◆ **Exercise prompt**
Copy out exactly the stretch of the listing below that begins at the line containing "# Drawn here: x" and ends at the line containing "layer by layer", and copy nothing outside it.

___ Information supplied

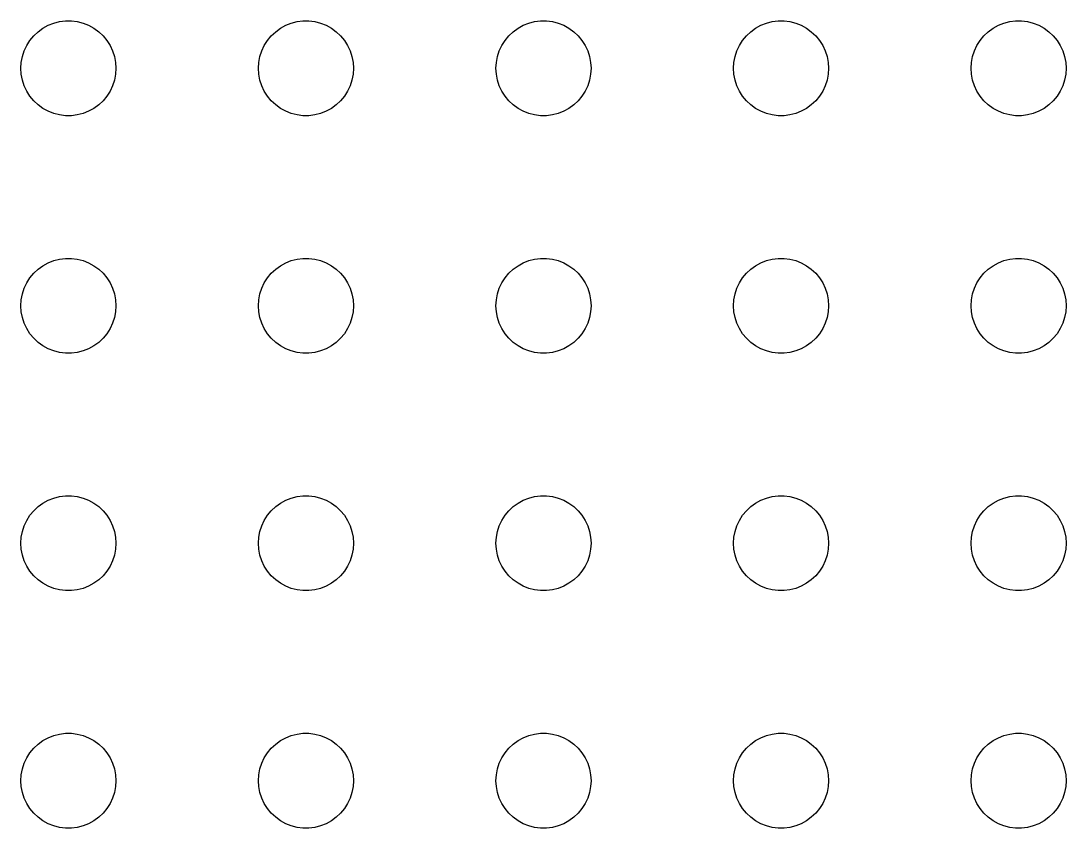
# Model space of a CAD drawing. Header units: metres. Extents: x -134 to 134, y 62 to 166.
# Drawn here: x 66 to 99, y 112.5 to 138 of the extents above; entities that cross this region are included whole.
import ezdxf

# ---------------------------------------------------------------- set-up
doc = ezdxf.new("R2010")
doc.units = ezdxf.units.M

msp = doc.modelspace()

# ---------------------------------------------------------------- linework, layer by layer
for p, q in [((67.0365, 137.927), (67.2189, 137.973)), ((67.2189, 137.973), (67.4058, 137.997)), ((67.4058, 137.997), (67.5942, 137.997)), ((67.5942, 137.997), (67.7811, 137.973)), ((67.7811, 137.973), (67.9635, 137.927)), ((74.5365, 137.927), (74.7189, 137.973)), ((74.7189, 137.973), (74.9058, 137.997)), ((74.9058, 137.997), (75.0942, 137.997)), ((75.0942, 137.997), (75.2811, 137.973)), ((75.2811, 137.973), (75.4635, 137.927)), ((82.0365, 137.927), (82.2189, 137.973)), ((82.2189, 137.973), (82.4058, 137.997)), ((82.4058, 137.997), (82.5942, 137.997)), ((82.5942, 137.997), (82.7811, 137.973)), ((82.7811, 137.973), (82.9635, 137.927)), ((89.5365, 137.927), (89.7189, 137.973)), ((89.7189, 137.973), (89.9058, 137.997)), ((89.9058, 137.997), (90.0942, 137.997)), ((90.0942, 137.997), (90.2811, 137.973)), ((90.2811, 137.973), (90.4635, 137.927)), ((97.0365, 137.927), (97.2189, 137.973)), ((97.2189, 137.973), (97.4058, 137.997)), ((97.4058, 137.997), (97.5942, 137.997)), ((97.5942, 137.997), (97.7811, 137.973)), ((97.7811, 137.973), (97.9635, 137.927)), ((66.4065, 137.527), (66.5439, 137.656)), ((66.5439, 137.656), (66.6963, 137.766)), ((66.6963, 137.766), (66.8613, 137.857)), ((66.8613, 137.857), (67.0365, 137.927)), ((67.9635, 137.927), (68.1387, 137.857)), ((68.1387, 137.857), (68.3037, 137.766)), ((68.3037, 137.766), (68.4561, 137.656)), ((68.4561, 137.656), (68.5934, 137.527)), ((73.9065, 137.527), (74.0439, 137.656)), ((74.0439, 137.656), (74.1963, 137.766)), ((74.1963, 137.766), (74.3613, 137.857)), ((74.3613, 137.857), (74.5365, 137.927)), ((75.4635, 137.927), (75.6387, 137.857)), ((75.6387, 137.857), (75.8037, 137.766)), ((75.8037, 137.766), (75.9561, 137.656)), ((75.9561, 137.656), (76.0934, 137.527)), ((81.4065, 137.527), (81.5439, 137.656)), ((81.5439, 137.656), (81.6963, 137.766)), ((81.6963, 137.766), (81.8613, 137.857)), ((81.8613, 137.857), (82.0365, 137.927)), ((82.9635, 137.927), (83.1387, 137.857)), ((83.1387, 137.857), (83.3037, 137.766)), ((83.3037, 137.766), (83.4561, 137.656)), ((83.4561, 137.656), (83.5934, 137.527)), ((88.9065, 137.527), (89.0439, 137.656)), ((89.0439, 137.656), (89.1963, 137.766)), ((89.1963, 137.766), (89.3613, 137.857)), ((89.3613, 137.857), (89.5365, 137.927)), ((90.4635, 137.927), (90.6387, 137.857)), ((90.6387, 137.857), (90.8037, 137.766)), ((90.8037, 137.766), (90.9561, 137.656)), ((90.9561, 137.656), (91.0934, 137.527)), ((96.4065, 137.527), (96.5439, 137.656)), ((96.5439, 137.656), (96.6963, 137.766)), ((96.6963, 137.766), (96.8613, 137.857)), ((96.8613, 137.857), (97.0365, 137.927)), ((97.9635, 137.927), (98.1387, 137.857)), ((98.1387, 137.857), (98.3037, 137.766)), ((98.3037, 137.766), (98.4561, 137.656)), ((98.4561, 137.656), (98.5934, 137.527)), ((66.1855, 137.223), (66.2865, 137.382)), ((66.2865, 137.382), (66.4065, 137.527)), ((68.5934, 137.527), (68.7135, 137.382)), ((68.7135, 137.382), (68.8145, 137.223)), ((73.6855, 137.223), (73.7865, 137.382)), ((73.7865, 137.382), (73.9065, 137.527)), ((76.0934, 137.527), (76.2135, 137.382)), ((76.2135, 137.382), (76.3145, 137.223)), ((81.1855, 137.223), (81.2865, 137.382)), ((81.2865, 137.382), (81.4065, 137.527)), ((83.5934, 137.527), (83.7135, 137.382)), ((83.7135, 137.382), (83.8145, 137.223)), ((88.6855, 137.223), (88.7865, 137.382)), ((88.7865, 137.382), (88.9065, 137.527)), ((91.0934, 137.527), (91.2135, 137.382)), ((91.2135, 137.382), (91.3145, 137.223)), ((96.1855, 137.223), (96.2865, 137.382)), ((96.2865, 137.382), (96.4065, 137.527)), ((98.5934, 137.527), (98.7135, 137.382)), ((98.7135, 137.382), (98.8145, 137.223)), ((66.0471, 136.873), (66.1053, 137.052)), ((66.1053, 137.052), (66.1855, 137.223)), ((68.8145, 137.223), (68.8947, 137.052)), ((68.8947, 137.052), (68.9529, 136.873)), ((73.5471, 136.873), (73.6053, 137.052)), ((73.6053, 137.052), (73.6855, 137.223)), ((76.3145, 137.223), (76.3947, 137.052)), ((76.3947, 137.052), (76.4529, 136.873)), ((81.0471, 136.873), (81.1053, 137.052)), ((81.1053, 137.052), (81.1855, 137.223)), ((83.8145, 137.223), (83.8947, 137.052)), ((83.8947, 137.052), (83.9529, 136.873)), ((88.5471, 136.873), (88.6053, 137.052)), ((88.6053, 137.052), (88.6855, 137.223)), ((91.3145, 137.223), (91.3947, 137.052)), ((91.3947, 137.052), (91.4529, 136.873)), ((96.0471, 136.873), (96.1053, 137.052)), ((96.1053, 137.052), (96.1855, 137.223)), ((98.8145, 137.223), (98.8947, 137.052)), ((98.8947, 137.052), (98.9529, 136.873)), ((66, 136.5), (66.0118, 136.688)), ((66.0118, 136.688), (66.0471, 136.873)), ((68.9529, 136.873), (68.9882, 136.688)), ((68.9882, 136.688), (69, 136.5)), ((73.5, 136.5), (73.5118, 136.688)), ((73.5118, 136.688), (73.5471, 136.873)), ((76.4529, 136.873), (76.4882, 136.688)), ((76.4882, 136.688), (76.5, 136.5)), ((81, 136.5), (81.0118, 136.688)), ((81.0118, 136.688), (81.0471, 136.873)), ((83.9529, 136.873), (83.9882, 136.688)), ((83.9882, 136.688), (84, 136.5)), ((88.5, 136.5), (88.5118, 136.688)), ((88.5118, 136.688), (88.5471, 136.873)), ((91.4529, 136.873), (91.4882, 136.688)), ((91.4882, 136.688), (91.5, 136.5)), ((96, 136.5), (96.0118, 136.688)), ((96.0118, 136.688), (96.0471, 136.873)), ((98.9529, 136.873), (98.9882, 136.688)), ((98.9882, 136.688), (99, 136.5)), ((66.0118, 136.312), (66, 136.5)), ((66.0471, 136.127), (66.0118, 136.312)), ((68.9882, 136.312), (68.9529, 136.127)), ((69, 136.5), (68.9882, 136.312)), ((73.5118, 136.312), (73.5, 136.5)), ((73.5471, 136.127), (73.5118, 136.312)), ((76.4882, 136.312), (76.4529, 136.127)), ((76.5, 136.5), (76.4882, 136.312)), ((81.0118, 136.312), (81, 136.5)), ((81.0471, 136.127), (81.0118, 136.312)), ((83.9882, 136.312), (83.9529, 136.127)), ((84, 136.5), (83.9882, 136.312)), ((88.5118, 136.312), (88.5, 136.5)), ((88.5471, 136.127), (88.5118, 136.312)), ((91.4882, 136.312), (91.4529, 136.127)), ((91.5, 136.5), (91.4882, 136.312)), ((96.0118, 136.312), (96, 136.5)), ((96.0471, 136.127), (96.0118, 136.312)), ((98.9882, 136.312), (98.9529, 136.127)), ((99, 136.5), (98.9882, 136.312)), ((66.1053, 135.948), (66.0471, 136.127)), ((68.9529, 136.127), (68.8947, 135.948)), ((73.6053, 135.948), (73.5471, 136.127)), ((76.4529, 136.127), (76.3947, 135.948)), ((81.1053, 135.948), (81.0471, 136.127)), ((83.9529, 136.127), (83.8947, 135.948)), ((88.6053, 135.948), (88.5471, 136.127)), ((91.4529, 136.127), (91.3947, 135.948)), ((96.1053, 135.948), (96.0471, 136.127)), ((98.9529, 136.127), (98.8947, 135.948)), ((66.1855, 135.777), (66.1053, 135.948)), ((66.2865, 135.618), (66.1855, 135.777)), ((68.8145, 135.777), (68.7135, 135.618)), ((68.8947, 135.948), (68.8145, 135.777)), ((73.6855, 135.777), (73.6053, 135.948)), ((73.7865, 135.618), (73.6855, 135.777)), ((76.3145, 135.777), (76.2135, 135.618)), ((76.3947, 135.948), (76.3145, 135.777)), ((81.1855, 135.777), (81.1053, 135.948)), ((81.2865, 135.618), (81.1855, 135.777)), ((83.8145, 135.777), (83.7135, 135.618)), ((83.8947, 135.948), (83.8145, 135.777)), ((88.6855, 135.777), (88.6053, 135.948)), ((88.7865, 135.618), (88.6855, 135.777)), ((91.3145, 135.777), (91.2135, 135.618)), ((91.3947, 135.948), (91.3145, 135.777)), ((96.1855, 135.777), (96.1053, 135.948)), ((96.2865, 135.618), (96.1855, 135.777)), ((98.8145, 135.777), (98.7135, 135.618)), ((98.8947, 135.948), (98.8145, 135.777)), ((66.4065, 135.473), (66.2865, 135.618)), ((66.5439, 135.344), (66.4065, 135.473)), ((66.6963, 135.234), (66.5439, 135.344)), ((68.4561, 135.344), (68.3037, 135.234)), ((68.5934, 135.473), (68.4561, 135.344)), ((68.7135, 135.618), (68.5934, 135.473)), ((73.9065, 135.473), (73.7865, 135.618)), ((74.0439, 135.344), (73.9065, 135.473)), ((74.1963, 135.234), (74.0439, 135.344)), ((75.9561, 135.344), (75.8037, 135.234)), ((76.0934, 135.473), (75.9561, 135.344)), ((76.2135, 135.618), (76.0934, 135.473)), ((81.4065, 135.473), (81.2865, 135.618)), ((81.5439, 135.344), (81.4065, 135.473)), ((81.6963, 135.234), (81.5439, 135.344)), ((83.4561, 135.344), (83.3037, 135.234)), ((83.5934, 135.473), (83.4561, 135.344)), ((83.7135, 135.618), (83.5934, 135.473)), ((88.9065, 135.473), (88.7865, 135.618)), ((89.0439, 135.344), (88.9065, 135.473)), ((89.1963, 135.234), (89.0439, 135.344)), ((90.9561, 135.344), (90.8037, 135.234)), ((91.0934, 135.473), (90.9561, 135.344)), ((91.2135, 135.618), (91.0934, 135.473)), ((96.4065, 135.473), (96.2865, 135.618)), ((96.5439, 135.344), (96.4065, 135.473)), ((96.6963, 135.234), (96.5439, 135.344)), ((98.4561, 135.344), (98.3037, 135.234)), ((98.5934, 135.473), (98.4561, 135.344)), ((98.7135, 135.618), (98.5934, 135.473)), ((66.8613, 135.143), (66.6963, 135.234)), ((67.0365, 135.073), (66.8613, 135.143)), ((67.2189, 135.027), (67.0365, 135.073)), ((67.4058, 135.003), (67.2189, 135.027)), ((67.5942, 135.003), (67.4058, 135.003)), ((67.7811, 135.027), (67.5942, 135.003)), ((67.9635, 135.073), (67.7811, 135.027)), ((68.1387, 135.143), (67.9635, 135.073)), ((68.3037, 135.234), (68.1387, 135.143)), ((74.3613, 135.143), (74.1963, 135.234)), ((74.5365, 135.073), (74.3613, 135.143)), ((74.7189, 135.027), (74.5365, 135.073)), ((74.9058, 135.003), (74.7189, 135.027)), ((75.0942, 135.003), (74.9058, 135.003)), ((75.2811, 135.027), (75.0942, 135.003)), ((75.4635, 135.073), (75.2811, 135.027)), ((75.6387, 135.143), (75.4635, 135.073)), ((75.8037, 135.234), (75.6387, 135.143)), ((81.8613, 135.143), (81.6963, 135.234)), ((82.0365, 135.073), (81.8613, 135.143)), ((82.2189, 135.027), (82.0365, 135.073)), ((82.4058, 135.003), (82.2189, 135.027)), ((82.5942, 135.003), (82.4058, 135.003)), ((82.7811, 135.027), (82.5942, 135.003)), ((82.9635, 135.073), (82.7811, 135.027)), ((83.1387, 135.143), (82.9635, 135.073)), ((83.3037, 135.234), (83.1387, 135.143)), ((89.3613, 135.143), (89.1963, 135.234)), ((89.5365, 135.073), (89.3613, 135.143)), ((89.7189, 135.027), (89.5365, 135.073)), ((89.9058, 135.003), (89.7189, 135.027)), ((90.0942, 135.003), (89.9058, 135.003)), ((90.2811, 135.027), (90.0942, 135.003)), ((90.4635, 135.073), (90.2811, 135.027)), ((90.6387, 135.143), (90.4635, 135.073)), ((90.8037, 135.234), (90.6387, 135.143)), ((96.8613, 135.143), (96.6963, 135.234)), ((97.0365, 135.073), (96.8613, 135.143)), ((97.2189, 135.027), (97.0365, 135.073)), ((97.4058, 135.003), (97.2189, 135.027)), ((97.5942, 135.003), (97.4058, 135.003)), ((97.7811, 135.027), (97.5942, 135.003)), ((97.9635, 135.073), (97.7811, 135.027)), ((98.1387, 135.143), (97.9635, 135.073)), ((98.3037, 135.234), (98.1387, 135.143)), ((66.6963, 130.266), (66.8613, 130.357)), ((66.8613, 130.357), (67.0365, 130.427)), ((67.0365, 130.427), (67.2189, 130.473)), ((67.2189, 130.473), (67.4058, 130.497)), ((67.4058, 130.497), (67.5942, 130.497)), ((67.5942, 130.497), (67.7811, 130.473)), ((67.7811, 130.473), (67.9635, 130.427)), ((67.9635, 130.427), (68.1387, 130.357)), ((68.1387, 130.357), (68.3037, 130.266)), ((74.1963, 130.266), (74.3613, 130.357)), ((74.3613, 130.357), (74.5365, 130.427)), ((74.5365, 130.427), (74.7189, 130.473)), ((74.7189, 130.473), (74.9058, 130.497)), ((74.9058, 130.497), (75.0942, 130.497)), ((75.0942, 130.497), (75.2811, 130.473)), ((75.2811, 130.473), (75.4635, 130.427)), ((75.4635, 130.427), (75.6387, 130.357)), ((75.6387, 130.357), (75.8037, 130.266)), ((81.6963, 130.266), (81.8613, 130.357)), ((81.8613, 130.357), (82.0365, 130.427)), ((82.0365, 130.427), (82.2189, 130.473)), ((82.2189, 130.473), (82.4058, 130.497)), ((82.4058, 130.497), (82.5942, 130.497)), ((82.5942, 130.497), (82.7811, 130.473)), ((82.7811, 130.473), (82.9635, 130.427)), ((82.9635, 130.427), (83.1387, 130.357)), ((83.1387, 130.357), (83.3037, 130.266)), ((89.1963, 130.266), (89.3613, 130.357)), ((89.3613, 130.357), (89.5365, 130.427)), ((89.5365, 130.427), (89.7189, 130.473)), ((89.7189, 130.473), (89.9058, 130.497)), ((89.9058, 130.497), (90.0942, 130.497)), ((90.0942, 130.497), (90.2811, 130.473)), ((90.2811, 130.473), (90.4635, 130.427)), ((90.4635, 130.427), (90.6387, 130.357)), ((90.6387, 130.357), (90.8037, 130.266)), ((96.6963, 130.266), (96.8613, 130.357)), ((96.8613, 130.357), (97.0365, 130.427)), ((97.0365, 130.427), (97.2189, 130.473)), ((97.2189, 130.473), (97.4058, 130.497)), ((97.4058, 130.497), (97.5942, 130.497)), ((97.5942, 130.497), (97.7811, 130.473)), ((97.7811, 130.473), (97.9635, 130.427)), ((97.9635, 130.427), (98.1387, 130.357)), ((98.1387, 130.357), (98.3037, 130.266)), ((66.2865, 129.882), (66.4065, 130.027)), ((66.4065, 130.027), (66.5439, 130.156)), ((66.5439, 130.156), (66.6963, 130.266)), ((68.3037, 130.266), (68.4561, 130.156)), ((68.4561, 130.156), (68.5934, 130.027)), ((68.5934, 130.027), (68.7135, 129.882)), ((73.7865, 129.882), (73.9065, 130.027)), ((73.9065, 130.027), (74.0439, 130.156)), ((74.0439, 130.156), (74.1963, 130.266)), ((75.8037, 130.266), (75.9561, 130.156)), ((75.9561, 130.156), (76.0934, 130.027)), ((76.0934, 130.027), (76.2135, 129.882)), ((81.2865, 129.882), (81.4065, 130.027)), ((81.4065, 130.027), (81.5439, 130.156)), ((81.5439, 130.156), (81.6963, 130.266)), ((83.3037, 130.266), (83.4561, 130.156)), ((83.4561, 130.156), (83.5934, 130.027)), ((83.5934, 130.027), (83.7135, 129.882)), ((88.7865, 129.882), (88.9065, 130.027)), ((88.9065, 130.027), (89.0439, 130.156)), ((89.0439, 130.156), (89.1963, 130.266)), ((90.8037, 130.266), (90.9561, 130.156)), ((90.9561, 130.156), (91.0934, 130.027)), ((91.0934, 130.027), (91.2135, 129.882)), ((96.2865, 129.882), (96.4065, 130.027)), ((96.4065, 130.027), (96.5439, 130.156)), ((96.5439, 130.156), (96.6963, 130.266)), ((98.3037, 130.266), (98.4561, 130.156)), ((98.4561, 130.156), (98.5934, 130.027)), ((98.5934, 130.027), (98.7135, 129.882)), ((66.1053, 129.552), (66.1855, 129.723)), ((66.1855, 129.723), (66.2865, 129.882)), ((68.7135, 129.882), (68.8145, 129.723)), ((68.8145, 129.723), (68.8947, 129.552)), ((73.6053, 129.552), (73.6855, 129.723)), ((73.6855, 129.723), (73.7865, 129.882)), ((76.2135, 129.882), (76.3145, 129.723)), ((76.3145, 129.723), (76.3947, 129.552)), ((81.1053, 129.552), (81.1855, 129.723)), ((81.1855, 129.723), (81.2865, 129.882)), ((83.7135, 129.882), (83.8145, 129.723)), ((83.8145, 129.723), (83.8947, 129.552)), ((88.6053, 129.552), (88.6855, 129.723)), ((88.6855, 129.723), (88.7865, 129.882)), ((91.2135, 129.882), (91.3145, 129.723)), ((91.3145, 129.723), (91.3947, 129.552)), ((96.1053, 129.552), (96.1855, 129.723)), ((96.1855, 129.723), (96.2865, 129.882)), ((98.7135, 129.882), (98.8145, 129.723)), ((98.8145, 129.723), (98.8947, 129.552)), ((66.0118, 129.188), (66.0471, 129.373)), ((66.0471, 129.373), (66.1053, 129.552)), ((68.8947, 129.552), (68.9529, 129.373)), ((68.9529, 129.373), (68.9882, 129.188)), ((73.5118, 129.188), (73.5471, 129.373)), ((73.5471, 129.373), (73.6053, 129.552)), ((76.3947, 129.552), (76.4529, 129.373)), ((76.4529, 129.373), (76.4882, 129.188)), ((81.0118, 129.188), (81.0471, 129.373)), ((81.0471, 129.373), (81.1053, 129.552)), ((83.8947, 129.552), (83.9529, 129.373)), ((83.9529, 129.373), (83.9882, 129.188)), ((88.5118, 129.188), (88.5471, 129.373)), ((88.5471, 129.373), (88.6053, 129.552)), ((91.3947, 129.552), (91.4529, 129.373)), ((91.4529, 129.373), (91.4882, 129.188)), ((96.0118, 129.188), (96.0471, 129.373)), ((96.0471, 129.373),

______

◆ **Task response**
# Drawn here: x 66 to 99, y 112.5 to 138 of the extents above; entities that cross this region are included whole.
import ezdxf

# ---------------------------------------------------------------- set-up
doc = ezdxf.new("R2010")
doc.units = ezdxf.units.M

msp = doc.modelspace()

# ---------------------------------------------------------------- linework, layer by layer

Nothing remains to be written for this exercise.